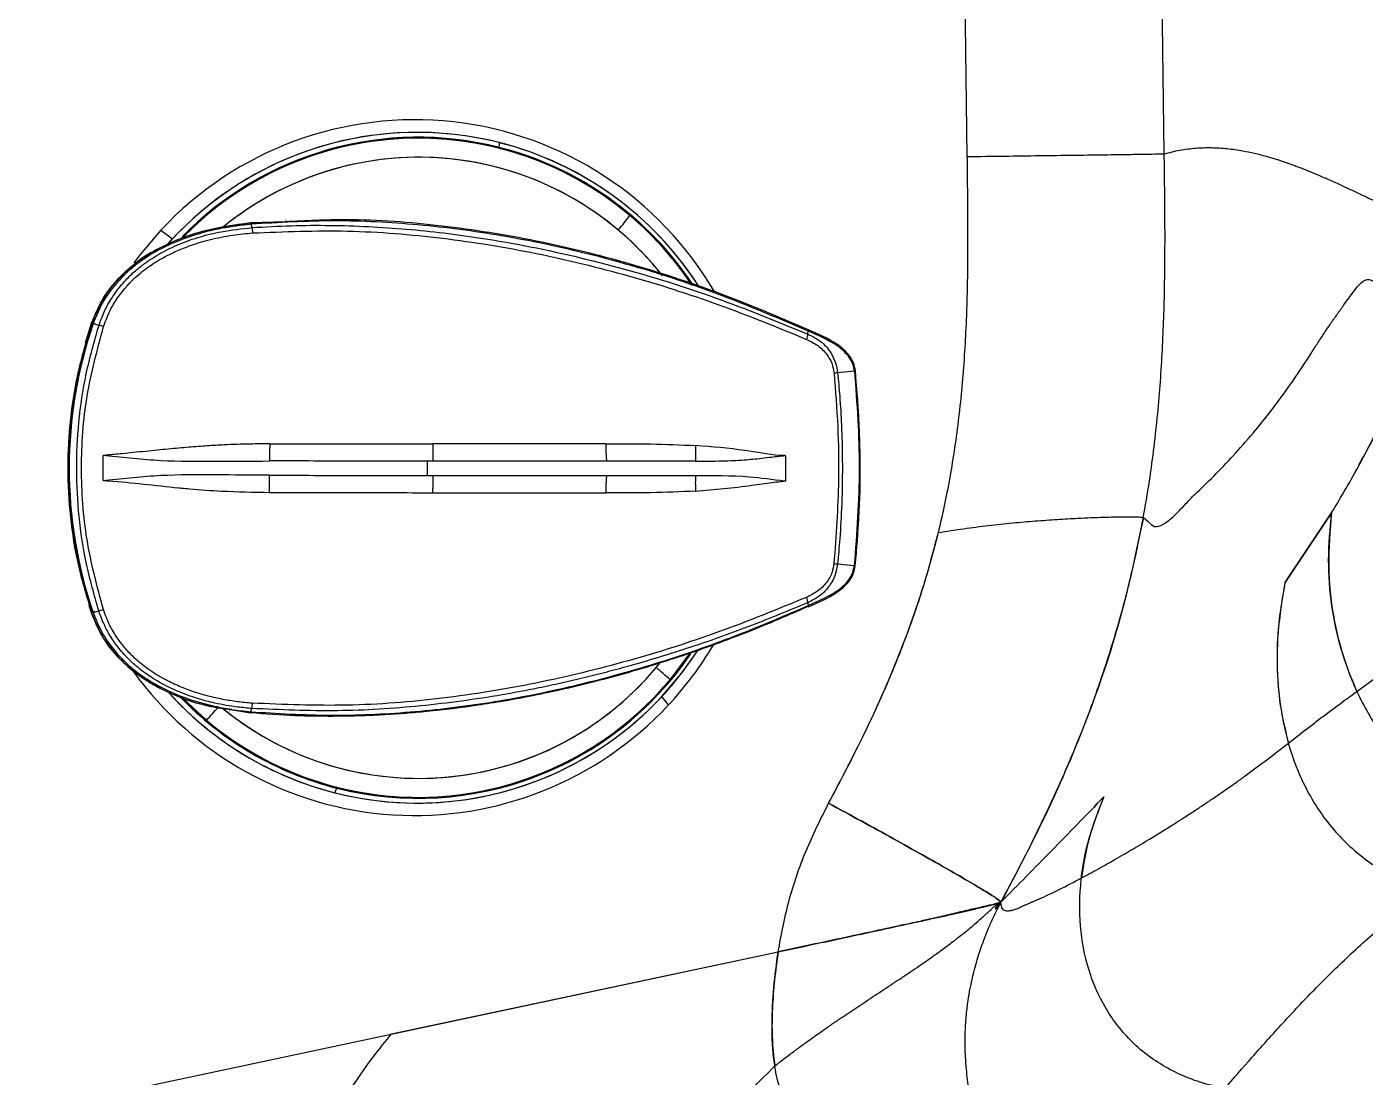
# Model space of a CAD drawing. Extents: x 832 to 912, y 781 to 934.
# Drawn here: x 836.32 to 842.74, y 819.84 to 824.87 of the extents above; entities that cross this region are included whole.
import ezdxf

# ---------------------------------------------------------------- set-up
doc = ezdxf.new("R2010")
doc.units = 0
doc.header["$MEASUREMENT"] = 0
doc.layers.add('1', color=4, linetype='Continuous')
doc.layers.add('DIM', color=3, linetype='Continuous')

# ---------------------------------------------------------------- blocks, each defined once
blk = doc.blocks.new('WF VALVE')
at = {"layer": '1', "color": 3, "linetype": 'Continuous', "lineweight": 25}
for p, q in [((0.4677, 1.6193), (0.4564, 1.5978)), ((-1.1508, 1.2822), (-1.1208, 1.2402)), ((1.064, 1.24), (1.0644, 1.2403)), ((1.0644, 1.2403), (1.1645, 1.1379)), ((-1.1641, 1.162), (-1.1643, 1.1622)), ((0.8494, 1.2098), (0.8433, 1.1956)), ((0.8494, 1.2098), (0.8499, 1.2109)), ((0.9372, 1.1969), (0.852, 1.2167)), ((0.853, 1.2165), (0.852, 1.2167)), ((0.951, 1.1937), (0.9666, 1.1901)), ((0.9522, 1.1988), (0.9512, 1.199)), ((-1.1011, 1.1001), (-1.1191, 1.0804)), ((-1.8429, 0.8404), (-1.843, 0.8415)), ((-1.8423, 0.8273), (-1.8429, 0.8404)), ((-1.9944, 0.6491), (-2.0744, 0.6614)), ((1.5798, 0.6964), (1.5518, 0.69)), ((1.5877, 0.6978), (1.5868, 0.6979)), ((1.5877, 0.6978), (1.5969, 0.6645)), ((1.5877, 0.6978), (1.5877, 0.6978)), ((1.4981, 0.0683), (1.4918, -0.0516)), ((-2.1232, -0.2686), (-2.0424, -0.2642)), ((-1.9119, -0.4708), (-1.912, -0.4719)), ((-1.9098, -0.4574), (-1.9119, -0.4708)), ((1.5496, -0.5953), (1.5149, -0.6878)), ((1.5072, -0.6854), (1.48, -0.6758)), ((1.5149, -0.6878), (1.514, -0.6878)), ((1.5149, -0.6878), (1.5149, -0.6878)), ((-1.087, -1.0694), (-1.0868, -1.0691)), ((1.1293, -1.0483), (1.1071, -1.0702)), ((1.1604, -1.1147), (1.1071, -1.0702)), ((0.5594, -1.1294), (0.5604, -1.1294)), ((0.7298, -1.1269), (0.5605, -1.1252)), ((0.5632, -1.1239), (0.7288, -1.1269)), ((0.7224, -1.1044), (0.727, -1.1196)), ((0.727, -1.1196), (0.7274, -1.1208)), ((0.7298, -1.1269), (0.7288, -1.1269)), ((-0.479, -1.4269), (-0.4814, -1.4493))]:
    blk.add_line(p, q, dxfattribs=at)
at = {"layer": '1', "color": 3, "linetype": 'Continuous', "lineweight": 25, "flags": 128}
for points in [[(-1.1208, 1.2402), (-1.2254, 1.1289), (-1.304, 1.0292)], [(1.1785, 1.1213), (1.1687, 1.1325), (1.064, 1.24)], [(-1.1643, 1.1622), (-1.2613, 1.0476), (-1.2632, 1.0452)], [(-1.1641, 1.162), (-1.2611, 1.0473), (-1.2627, 1.0453)], [(1.1604, -1.1147), (1.266, -1.0028), (1.2978, -0.9646)]]:
    blk.add_lwpolyline(points, dxfattribs=at)
at = {"layer": '1', "color": 3, "linetype": 'Continuous', "lineweight": 25}
for centre, radius, start, end in [((0.0052, 0.0873), 1.6625, 32.79601, 134.05146), ((-0.0063, 0.0878), 1.6032, 72.80141, 143.82998), ((-0.0108, 0.0883), 1.5801, 72.79965, 142.81559), ((-0.0065, 0.0885), 1.6025, 39.03903, 134.05289), ((-0.011, 0.0887), 1.5757, 46.96078, 142.8891), ((-0.0111, 0.0887), 1.5753, 46.96078, 142.86747), ((-0.011, 0.0889), 1.5755, 41.39775, 137.05622), ((-0.0111, 0.0889), 1.5751, 40.93416, 137.05613), ((-0.007, 0.0878), 1.6034, 39.21561, 72.7774), ((-0.0147, 0.089), 1.4841, 47.91618, 137.93222), ((-0.0147, 0.0891), 1.484, 47.86499, 137.05751), ((-0.0114, 0.0884), 1.5802, 40.60682, 72.77947), ((0.0076, 0.0842), 1.6664, 134.03566, 146.39824), ((1.7112, 0.5348), 0.9572, 132.54002, 137.53253), ((-0.3544, 1.9236), 1.1117, 223.24937, 227.80116), ((0.6212, 1.2011), 0.2221, 352.01568, 358.58962), ((-1.7818, 0.8263), 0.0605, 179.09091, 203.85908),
- - - -
Task brief: For every line in the listing above that holds "linetype", add one to a tally, and give that tally alone.

Result for this task: 5